(Entries taken from a collection)
☆ ☆ ☆ ☆ ☆

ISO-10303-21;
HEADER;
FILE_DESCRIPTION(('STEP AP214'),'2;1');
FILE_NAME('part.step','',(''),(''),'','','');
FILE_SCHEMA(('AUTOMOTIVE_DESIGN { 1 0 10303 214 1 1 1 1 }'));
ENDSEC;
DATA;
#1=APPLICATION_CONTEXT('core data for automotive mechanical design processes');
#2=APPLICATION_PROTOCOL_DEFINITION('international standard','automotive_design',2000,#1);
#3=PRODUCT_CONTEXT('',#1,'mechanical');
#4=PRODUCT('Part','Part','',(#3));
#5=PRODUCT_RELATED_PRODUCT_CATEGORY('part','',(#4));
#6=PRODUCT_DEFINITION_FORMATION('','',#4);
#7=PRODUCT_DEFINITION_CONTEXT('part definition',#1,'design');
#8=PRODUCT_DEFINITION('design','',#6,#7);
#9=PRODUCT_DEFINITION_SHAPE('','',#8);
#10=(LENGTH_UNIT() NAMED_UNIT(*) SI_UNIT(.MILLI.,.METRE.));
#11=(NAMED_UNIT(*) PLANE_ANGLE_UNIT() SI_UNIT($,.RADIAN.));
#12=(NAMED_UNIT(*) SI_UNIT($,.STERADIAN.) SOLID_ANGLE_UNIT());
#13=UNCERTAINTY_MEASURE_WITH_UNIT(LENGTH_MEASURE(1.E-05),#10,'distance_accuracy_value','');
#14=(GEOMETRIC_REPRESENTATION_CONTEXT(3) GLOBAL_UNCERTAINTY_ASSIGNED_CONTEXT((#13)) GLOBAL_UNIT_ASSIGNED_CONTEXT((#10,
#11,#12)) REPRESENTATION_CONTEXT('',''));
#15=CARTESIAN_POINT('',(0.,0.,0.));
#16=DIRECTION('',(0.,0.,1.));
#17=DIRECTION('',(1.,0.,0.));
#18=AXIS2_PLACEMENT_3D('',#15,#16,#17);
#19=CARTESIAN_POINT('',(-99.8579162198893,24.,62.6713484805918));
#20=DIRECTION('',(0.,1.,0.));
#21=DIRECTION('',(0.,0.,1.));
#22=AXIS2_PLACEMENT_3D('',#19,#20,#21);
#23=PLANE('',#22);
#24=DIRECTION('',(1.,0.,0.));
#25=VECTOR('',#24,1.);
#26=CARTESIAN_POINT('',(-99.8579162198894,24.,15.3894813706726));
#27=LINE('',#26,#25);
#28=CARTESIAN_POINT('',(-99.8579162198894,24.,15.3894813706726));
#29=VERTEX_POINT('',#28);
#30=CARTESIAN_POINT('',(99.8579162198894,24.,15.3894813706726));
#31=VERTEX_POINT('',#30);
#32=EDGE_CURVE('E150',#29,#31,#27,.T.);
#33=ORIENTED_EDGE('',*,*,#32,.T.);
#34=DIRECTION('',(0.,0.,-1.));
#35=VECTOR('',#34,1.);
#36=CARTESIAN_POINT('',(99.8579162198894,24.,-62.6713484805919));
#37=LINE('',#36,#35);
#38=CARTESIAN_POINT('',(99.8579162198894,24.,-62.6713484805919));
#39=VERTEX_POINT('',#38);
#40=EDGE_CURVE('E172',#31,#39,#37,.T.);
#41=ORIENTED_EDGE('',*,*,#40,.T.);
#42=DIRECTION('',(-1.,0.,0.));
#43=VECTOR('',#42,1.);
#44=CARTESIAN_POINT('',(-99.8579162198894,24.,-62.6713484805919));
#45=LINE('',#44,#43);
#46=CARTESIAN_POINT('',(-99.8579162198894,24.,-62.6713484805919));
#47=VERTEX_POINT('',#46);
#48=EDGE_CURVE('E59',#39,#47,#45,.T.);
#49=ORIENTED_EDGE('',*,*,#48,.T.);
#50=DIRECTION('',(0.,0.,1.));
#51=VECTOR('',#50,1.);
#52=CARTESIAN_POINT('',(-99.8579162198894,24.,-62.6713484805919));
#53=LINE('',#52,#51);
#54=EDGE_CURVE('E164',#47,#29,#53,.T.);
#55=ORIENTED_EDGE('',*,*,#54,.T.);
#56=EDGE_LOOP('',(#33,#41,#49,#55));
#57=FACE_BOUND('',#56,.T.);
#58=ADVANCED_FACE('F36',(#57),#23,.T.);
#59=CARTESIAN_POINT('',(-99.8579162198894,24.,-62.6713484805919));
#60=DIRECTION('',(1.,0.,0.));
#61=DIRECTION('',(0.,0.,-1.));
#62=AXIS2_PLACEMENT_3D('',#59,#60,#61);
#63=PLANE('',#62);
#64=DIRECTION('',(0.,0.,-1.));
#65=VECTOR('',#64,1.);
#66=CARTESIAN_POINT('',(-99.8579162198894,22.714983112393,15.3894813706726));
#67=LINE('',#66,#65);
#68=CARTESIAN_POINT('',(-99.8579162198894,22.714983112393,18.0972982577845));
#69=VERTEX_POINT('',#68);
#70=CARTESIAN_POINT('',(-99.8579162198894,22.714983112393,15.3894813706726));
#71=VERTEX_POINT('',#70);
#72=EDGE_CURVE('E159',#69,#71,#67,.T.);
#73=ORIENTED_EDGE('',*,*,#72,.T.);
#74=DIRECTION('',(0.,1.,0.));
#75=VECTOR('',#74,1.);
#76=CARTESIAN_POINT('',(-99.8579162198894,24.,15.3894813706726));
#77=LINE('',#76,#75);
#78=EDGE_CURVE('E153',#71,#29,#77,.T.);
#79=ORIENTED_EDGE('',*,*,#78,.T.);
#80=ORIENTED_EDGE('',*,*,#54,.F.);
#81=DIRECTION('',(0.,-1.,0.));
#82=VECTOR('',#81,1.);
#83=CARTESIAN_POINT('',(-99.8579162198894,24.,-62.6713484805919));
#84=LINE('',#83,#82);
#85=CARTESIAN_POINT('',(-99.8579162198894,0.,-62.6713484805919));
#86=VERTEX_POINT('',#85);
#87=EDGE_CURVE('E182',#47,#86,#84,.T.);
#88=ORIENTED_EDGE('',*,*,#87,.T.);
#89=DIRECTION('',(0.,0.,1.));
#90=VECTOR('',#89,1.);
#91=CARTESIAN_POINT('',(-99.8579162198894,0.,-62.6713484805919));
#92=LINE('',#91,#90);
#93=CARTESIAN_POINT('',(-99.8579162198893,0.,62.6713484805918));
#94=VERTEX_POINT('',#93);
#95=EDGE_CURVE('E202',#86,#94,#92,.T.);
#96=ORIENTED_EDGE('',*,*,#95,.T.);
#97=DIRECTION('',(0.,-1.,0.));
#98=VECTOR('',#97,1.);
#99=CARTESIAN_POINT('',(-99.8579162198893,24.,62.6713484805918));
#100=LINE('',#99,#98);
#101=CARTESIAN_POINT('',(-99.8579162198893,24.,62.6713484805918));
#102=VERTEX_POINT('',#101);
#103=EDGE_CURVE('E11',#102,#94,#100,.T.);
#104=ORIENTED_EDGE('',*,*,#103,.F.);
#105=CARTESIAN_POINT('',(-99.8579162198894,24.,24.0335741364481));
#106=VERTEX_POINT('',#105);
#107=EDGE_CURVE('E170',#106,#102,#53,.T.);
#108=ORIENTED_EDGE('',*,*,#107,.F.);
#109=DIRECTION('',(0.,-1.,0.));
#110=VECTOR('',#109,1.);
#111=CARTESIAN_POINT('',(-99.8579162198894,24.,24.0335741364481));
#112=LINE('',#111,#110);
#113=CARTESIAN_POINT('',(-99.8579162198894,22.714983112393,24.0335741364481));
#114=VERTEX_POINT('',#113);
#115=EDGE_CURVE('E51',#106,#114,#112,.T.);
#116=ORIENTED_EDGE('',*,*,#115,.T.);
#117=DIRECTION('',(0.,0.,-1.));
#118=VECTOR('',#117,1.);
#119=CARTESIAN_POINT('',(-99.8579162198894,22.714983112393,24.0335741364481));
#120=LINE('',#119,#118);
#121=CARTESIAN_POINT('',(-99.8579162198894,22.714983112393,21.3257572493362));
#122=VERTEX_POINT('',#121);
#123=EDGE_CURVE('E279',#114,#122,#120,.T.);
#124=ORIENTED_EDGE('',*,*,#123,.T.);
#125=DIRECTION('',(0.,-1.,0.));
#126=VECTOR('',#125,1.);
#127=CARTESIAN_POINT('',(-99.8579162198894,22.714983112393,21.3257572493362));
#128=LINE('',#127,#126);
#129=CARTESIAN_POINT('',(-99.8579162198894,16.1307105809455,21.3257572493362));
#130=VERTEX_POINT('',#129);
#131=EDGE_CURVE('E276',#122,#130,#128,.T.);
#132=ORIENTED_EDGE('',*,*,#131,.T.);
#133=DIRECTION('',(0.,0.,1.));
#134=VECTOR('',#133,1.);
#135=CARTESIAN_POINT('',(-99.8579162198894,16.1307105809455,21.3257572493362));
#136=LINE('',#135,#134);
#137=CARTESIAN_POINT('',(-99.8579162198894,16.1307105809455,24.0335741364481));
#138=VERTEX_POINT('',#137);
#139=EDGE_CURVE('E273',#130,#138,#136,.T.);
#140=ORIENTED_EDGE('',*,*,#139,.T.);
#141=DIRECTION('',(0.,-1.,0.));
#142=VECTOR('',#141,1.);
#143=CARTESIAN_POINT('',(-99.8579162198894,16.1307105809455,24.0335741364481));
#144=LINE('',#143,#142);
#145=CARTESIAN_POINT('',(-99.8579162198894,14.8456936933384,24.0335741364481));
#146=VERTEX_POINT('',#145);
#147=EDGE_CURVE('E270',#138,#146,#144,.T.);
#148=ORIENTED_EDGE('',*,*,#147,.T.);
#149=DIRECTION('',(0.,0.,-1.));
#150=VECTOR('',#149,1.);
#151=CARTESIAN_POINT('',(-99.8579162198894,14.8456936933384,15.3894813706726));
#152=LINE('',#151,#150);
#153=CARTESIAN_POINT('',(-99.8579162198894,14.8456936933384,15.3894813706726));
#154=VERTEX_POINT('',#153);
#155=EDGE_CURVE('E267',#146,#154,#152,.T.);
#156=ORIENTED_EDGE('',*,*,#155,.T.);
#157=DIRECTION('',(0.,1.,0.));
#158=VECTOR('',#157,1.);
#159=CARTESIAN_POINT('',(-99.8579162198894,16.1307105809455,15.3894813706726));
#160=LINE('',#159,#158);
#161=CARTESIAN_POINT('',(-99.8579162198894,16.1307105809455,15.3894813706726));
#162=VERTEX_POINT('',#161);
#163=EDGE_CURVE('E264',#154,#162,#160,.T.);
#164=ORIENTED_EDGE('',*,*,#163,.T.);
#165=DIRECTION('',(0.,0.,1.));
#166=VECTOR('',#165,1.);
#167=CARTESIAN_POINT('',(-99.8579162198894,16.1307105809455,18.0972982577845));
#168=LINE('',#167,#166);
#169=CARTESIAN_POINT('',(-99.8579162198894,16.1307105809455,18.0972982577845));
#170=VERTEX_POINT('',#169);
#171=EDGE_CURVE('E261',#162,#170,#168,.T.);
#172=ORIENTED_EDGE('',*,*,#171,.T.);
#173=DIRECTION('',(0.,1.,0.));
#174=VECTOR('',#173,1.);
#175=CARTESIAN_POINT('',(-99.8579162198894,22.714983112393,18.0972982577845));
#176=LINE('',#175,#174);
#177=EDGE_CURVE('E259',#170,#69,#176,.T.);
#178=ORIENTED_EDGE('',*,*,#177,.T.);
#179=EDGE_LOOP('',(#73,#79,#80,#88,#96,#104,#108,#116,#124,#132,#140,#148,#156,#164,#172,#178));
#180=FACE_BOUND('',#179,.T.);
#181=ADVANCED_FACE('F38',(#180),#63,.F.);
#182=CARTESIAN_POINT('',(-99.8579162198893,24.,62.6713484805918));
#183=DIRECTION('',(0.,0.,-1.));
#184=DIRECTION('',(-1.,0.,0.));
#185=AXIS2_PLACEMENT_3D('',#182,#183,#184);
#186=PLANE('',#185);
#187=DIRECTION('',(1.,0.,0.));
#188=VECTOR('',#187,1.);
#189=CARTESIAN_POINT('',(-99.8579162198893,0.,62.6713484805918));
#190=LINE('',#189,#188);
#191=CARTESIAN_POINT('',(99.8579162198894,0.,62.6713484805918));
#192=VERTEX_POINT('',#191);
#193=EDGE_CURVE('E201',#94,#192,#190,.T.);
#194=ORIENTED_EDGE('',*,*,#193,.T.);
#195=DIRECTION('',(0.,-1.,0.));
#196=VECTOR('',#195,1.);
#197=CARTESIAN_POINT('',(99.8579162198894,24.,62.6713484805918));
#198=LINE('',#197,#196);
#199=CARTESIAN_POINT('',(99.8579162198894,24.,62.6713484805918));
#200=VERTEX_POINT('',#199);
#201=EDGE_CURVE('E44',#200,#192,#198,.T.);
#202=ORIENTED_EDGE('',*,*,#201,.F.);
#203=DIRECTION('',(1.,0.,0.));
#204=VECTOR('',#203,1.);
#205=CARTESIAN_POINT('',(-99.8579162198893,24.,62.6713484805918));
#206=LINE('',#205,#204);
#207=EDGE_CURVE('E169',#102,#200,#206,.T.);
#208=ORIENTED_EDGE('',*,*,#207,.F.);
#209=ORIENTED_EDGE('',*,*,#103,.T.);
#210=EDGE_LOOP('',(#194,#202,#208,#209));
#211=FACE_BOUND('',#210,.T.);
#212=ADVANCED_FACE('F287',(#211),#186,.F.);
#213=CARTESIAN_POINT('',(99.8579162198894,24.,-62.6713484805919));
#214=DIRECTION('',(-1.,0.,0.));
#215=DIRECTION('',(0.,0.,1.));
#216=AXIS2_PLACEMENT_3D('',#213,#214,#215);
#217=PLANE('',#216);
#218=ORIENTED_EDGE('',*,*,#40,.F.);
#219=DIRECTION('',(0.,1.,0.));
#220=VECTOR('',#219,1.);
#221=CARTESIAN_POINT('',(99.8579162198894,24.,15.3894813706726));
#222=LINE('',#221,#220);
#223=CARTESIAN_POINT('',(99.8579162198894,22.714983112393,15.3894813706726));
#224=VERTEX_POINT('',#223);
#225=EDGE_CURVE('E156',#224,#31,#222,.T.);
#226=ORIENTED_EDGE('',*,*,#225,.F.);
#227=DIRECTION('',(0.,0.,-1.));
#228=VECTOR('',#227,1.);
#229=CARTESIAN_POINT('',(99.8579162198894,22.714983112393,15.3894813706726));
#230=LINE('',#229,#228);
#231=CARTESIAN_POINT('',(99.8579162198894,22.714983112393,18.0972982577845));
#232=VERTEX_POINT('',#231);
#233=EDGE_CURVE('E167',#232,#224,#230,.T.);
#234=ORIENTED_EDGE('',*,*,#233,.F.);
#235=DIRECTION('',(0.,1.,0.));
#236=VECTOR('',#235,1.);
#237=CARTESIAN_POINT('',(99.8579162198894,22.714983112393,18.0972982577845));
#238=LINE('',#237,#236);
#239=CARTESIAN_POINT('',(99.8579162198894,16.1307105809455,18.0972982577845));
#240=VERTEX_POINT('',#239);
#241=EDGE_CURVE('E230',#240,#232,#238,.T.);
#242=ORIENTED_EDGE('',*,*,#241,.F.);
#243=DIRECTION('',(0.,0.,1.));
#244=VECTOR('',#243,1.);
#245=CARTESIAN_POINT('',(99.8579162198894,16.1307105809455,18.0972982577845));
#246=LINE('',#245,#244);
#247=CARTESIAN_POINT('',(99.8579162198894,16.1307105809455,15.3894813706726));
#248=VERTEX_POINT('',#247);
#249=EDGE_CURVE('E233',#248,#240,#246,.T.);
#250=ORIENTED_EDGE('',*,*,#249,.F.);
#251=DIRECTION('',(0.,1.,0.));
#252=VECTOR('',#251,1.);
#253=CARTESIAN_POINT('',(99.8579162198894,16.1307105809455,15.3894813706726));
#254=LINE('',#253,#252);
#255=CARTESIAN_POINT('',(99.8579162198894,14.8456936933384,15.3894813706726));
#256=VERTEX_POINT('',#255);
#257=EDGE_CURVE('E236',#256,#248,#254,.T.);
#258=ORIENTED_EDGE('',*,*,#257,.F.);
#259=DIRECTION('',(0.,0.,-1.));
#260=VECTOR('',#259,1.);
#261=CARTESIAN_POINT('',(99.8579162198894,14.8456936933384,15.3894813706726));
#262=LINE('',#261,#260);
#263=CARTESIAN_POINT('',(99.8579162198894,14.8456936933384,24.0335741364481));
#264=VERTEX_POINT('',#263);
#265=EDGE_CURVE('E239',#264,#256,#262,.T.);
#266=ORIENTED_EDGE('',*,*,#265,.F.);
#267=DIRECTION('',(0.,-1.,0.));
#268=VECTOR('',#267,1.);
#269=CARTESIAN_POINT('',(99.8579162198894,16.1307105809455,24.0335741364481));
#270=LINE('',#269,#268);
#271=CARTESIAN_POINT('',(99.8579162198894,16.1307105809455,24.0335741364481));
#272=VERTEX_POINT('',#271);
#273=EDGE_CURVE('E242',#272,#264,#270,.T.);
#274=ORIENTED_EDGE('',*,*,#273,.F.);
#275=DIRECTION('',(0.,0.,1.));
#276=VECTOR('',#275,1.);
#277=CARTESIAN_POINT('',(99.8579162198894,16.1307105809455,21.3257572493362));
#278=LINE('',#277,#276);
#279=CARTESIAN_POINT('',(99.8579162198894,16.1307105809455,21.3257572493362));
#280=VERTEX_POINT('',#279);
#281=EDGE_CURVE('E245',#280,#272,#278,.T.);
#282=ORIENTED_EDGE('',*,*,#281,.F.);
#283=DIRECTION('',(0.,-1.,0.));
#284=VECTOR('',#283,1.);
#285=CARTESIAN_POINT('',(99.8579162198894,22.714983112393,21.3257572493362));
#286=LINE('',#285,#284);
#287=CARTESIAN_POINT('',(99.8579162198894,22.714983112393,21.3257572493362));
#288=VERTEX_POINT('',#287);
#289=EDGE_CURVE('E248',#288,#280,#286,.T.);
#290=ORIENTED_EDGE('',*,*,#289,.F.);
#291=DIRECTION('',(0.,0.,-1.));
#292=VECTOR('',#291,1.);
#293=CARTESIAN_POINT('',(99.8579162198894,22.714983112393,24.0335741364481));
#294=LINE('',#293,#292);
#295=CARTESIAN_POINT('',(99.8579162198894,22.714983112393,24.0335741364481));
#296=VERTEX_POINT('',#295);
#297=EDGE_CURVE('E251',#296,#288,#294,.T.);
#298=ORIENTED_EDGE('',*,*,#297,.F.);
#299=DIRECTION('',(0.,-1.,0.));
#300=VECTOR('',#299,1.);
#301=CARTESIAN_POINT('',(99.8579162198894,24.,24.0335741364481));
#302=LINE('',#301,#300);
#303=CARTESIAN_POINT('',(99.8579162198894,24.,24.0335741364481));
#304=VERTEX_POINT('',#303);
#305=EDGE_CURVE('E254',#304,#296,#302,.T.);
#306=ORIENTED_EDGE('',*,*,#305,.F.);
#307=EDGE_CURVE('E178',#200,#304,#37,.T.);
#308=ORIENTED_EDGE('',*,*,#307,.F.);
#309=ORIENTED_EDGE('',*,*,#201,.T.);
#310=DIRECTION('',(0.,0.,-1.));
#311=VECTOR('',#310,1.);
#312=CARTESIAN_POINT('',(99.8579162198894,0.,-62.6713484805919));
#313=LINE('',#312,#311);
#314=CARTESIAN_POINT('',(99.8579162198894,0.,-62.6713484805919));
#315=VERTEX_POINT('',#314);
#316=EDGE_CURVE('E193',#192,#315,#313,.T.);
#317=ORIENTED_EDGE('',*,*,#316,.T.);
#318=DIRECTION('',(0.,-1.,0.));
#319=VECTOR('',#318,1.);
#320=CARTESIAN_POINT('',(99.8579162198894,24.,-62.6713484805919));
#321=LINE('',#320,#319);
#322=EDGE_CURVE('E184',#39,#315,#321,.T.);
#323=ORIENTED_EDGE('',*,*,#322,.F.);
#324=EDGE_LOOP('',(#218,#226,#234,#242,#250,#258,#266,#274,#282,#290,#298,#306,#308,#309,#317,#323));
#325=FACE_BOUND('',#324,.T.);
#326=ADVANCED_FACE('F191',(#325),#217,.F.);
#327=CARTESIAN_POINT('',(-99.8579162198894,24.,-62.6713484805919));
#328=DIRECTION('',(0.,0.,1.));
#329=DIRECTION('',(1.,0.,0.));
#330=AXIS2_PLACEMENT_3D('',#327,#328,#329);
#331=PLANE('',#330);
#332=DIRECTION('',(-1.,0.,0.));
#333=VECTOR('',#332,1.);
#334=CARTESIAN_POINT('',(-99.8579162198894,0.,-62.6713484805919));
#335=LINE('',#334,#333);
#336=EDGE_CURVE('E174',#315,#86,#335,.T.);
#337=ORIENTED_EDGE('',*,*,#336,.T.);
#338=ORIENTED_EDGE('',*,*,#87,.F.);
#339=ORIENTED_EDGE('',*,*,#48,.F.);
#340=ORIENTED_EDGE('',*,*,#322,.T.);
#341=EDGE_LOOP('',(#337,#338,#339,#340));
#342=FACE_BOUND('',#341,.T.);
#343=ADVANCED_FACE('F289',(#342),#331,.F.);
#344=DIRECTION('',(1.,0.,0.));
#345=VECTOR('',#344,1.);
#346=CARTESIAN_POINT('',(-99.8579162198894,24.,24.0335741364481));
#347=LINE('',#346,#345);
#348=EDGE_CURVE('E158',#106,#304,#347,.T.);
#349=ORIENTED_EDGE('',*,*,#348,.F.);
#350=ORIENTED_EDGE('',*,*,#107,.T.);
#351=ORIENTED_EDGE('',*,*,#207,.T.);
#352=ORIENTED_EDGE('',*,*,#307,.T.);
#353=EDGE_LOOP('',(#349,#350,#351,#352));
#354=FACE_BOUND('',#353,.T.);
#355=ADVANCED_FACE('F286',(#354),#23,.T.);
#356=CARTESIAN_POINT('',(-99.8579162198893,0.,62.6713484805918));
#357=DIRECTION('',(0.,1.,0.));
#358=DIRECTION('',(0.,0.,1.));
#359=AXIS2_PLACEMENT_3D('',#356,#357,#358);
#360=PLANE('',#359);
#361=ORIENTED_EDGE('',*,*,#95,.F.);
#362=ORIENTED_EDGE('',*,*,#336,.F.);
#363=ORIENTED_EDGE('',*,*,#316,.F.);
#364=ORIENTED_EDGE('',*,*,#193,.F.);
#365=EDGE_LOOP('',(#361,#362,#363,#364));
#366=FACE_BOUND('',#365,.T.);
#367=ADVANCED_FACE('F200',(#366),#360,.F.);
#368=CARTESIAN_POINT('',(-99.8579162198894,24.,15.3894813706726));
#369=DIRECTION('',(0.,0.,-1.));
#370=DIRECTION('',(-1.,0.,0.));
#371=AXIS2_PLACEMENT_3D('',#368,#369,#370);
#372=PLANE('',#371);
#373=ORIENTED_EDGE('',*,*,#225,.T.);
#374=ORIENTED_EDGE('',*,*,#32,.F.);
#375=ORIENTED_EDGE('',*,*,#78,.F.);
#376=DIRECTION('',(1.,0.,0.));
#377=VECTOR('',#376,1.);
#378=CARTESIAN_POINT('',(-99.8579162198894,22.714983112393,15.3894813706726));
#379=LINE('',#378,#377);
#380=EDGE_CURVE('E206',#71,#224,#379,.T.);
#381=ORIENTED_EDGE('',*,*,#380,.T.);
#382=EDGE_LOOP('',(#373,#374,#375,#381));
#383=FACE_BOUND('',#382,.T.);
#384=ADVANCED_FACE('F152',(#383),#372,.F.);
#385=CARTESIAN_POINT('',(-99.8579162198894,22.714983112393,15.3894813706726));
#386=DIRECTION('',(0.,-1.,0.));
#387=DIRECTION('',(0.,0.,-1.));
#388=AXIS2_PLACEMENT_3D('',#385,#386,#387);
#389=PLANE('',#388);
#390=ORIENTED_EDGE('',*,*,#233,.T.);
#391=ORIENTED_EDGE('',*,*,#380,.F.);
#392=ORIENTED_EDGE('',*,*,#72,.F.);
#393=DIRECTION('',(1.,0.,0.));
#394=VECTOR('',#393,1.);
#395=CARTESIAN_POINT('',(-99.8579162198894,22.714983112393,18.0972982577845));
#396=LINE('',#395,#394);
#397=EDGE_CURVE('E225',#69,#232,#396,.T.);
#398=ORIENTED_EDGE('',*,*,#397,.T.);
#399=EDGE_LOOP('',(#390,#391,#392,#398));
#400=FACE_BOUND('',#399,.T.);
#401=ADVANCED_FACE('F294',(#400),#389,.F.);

☆ ☆ ☆ ☆ ☆

- _What is required_:
Your answer should hold every line of the entries that contains the string "mechanical".

- _Result of the exercise_:
#1=APPLICATION_CONTEXT('core data for automotive mechanical design processes');
#3=PRODUCT_CONTEXT('',#1,'mechanical');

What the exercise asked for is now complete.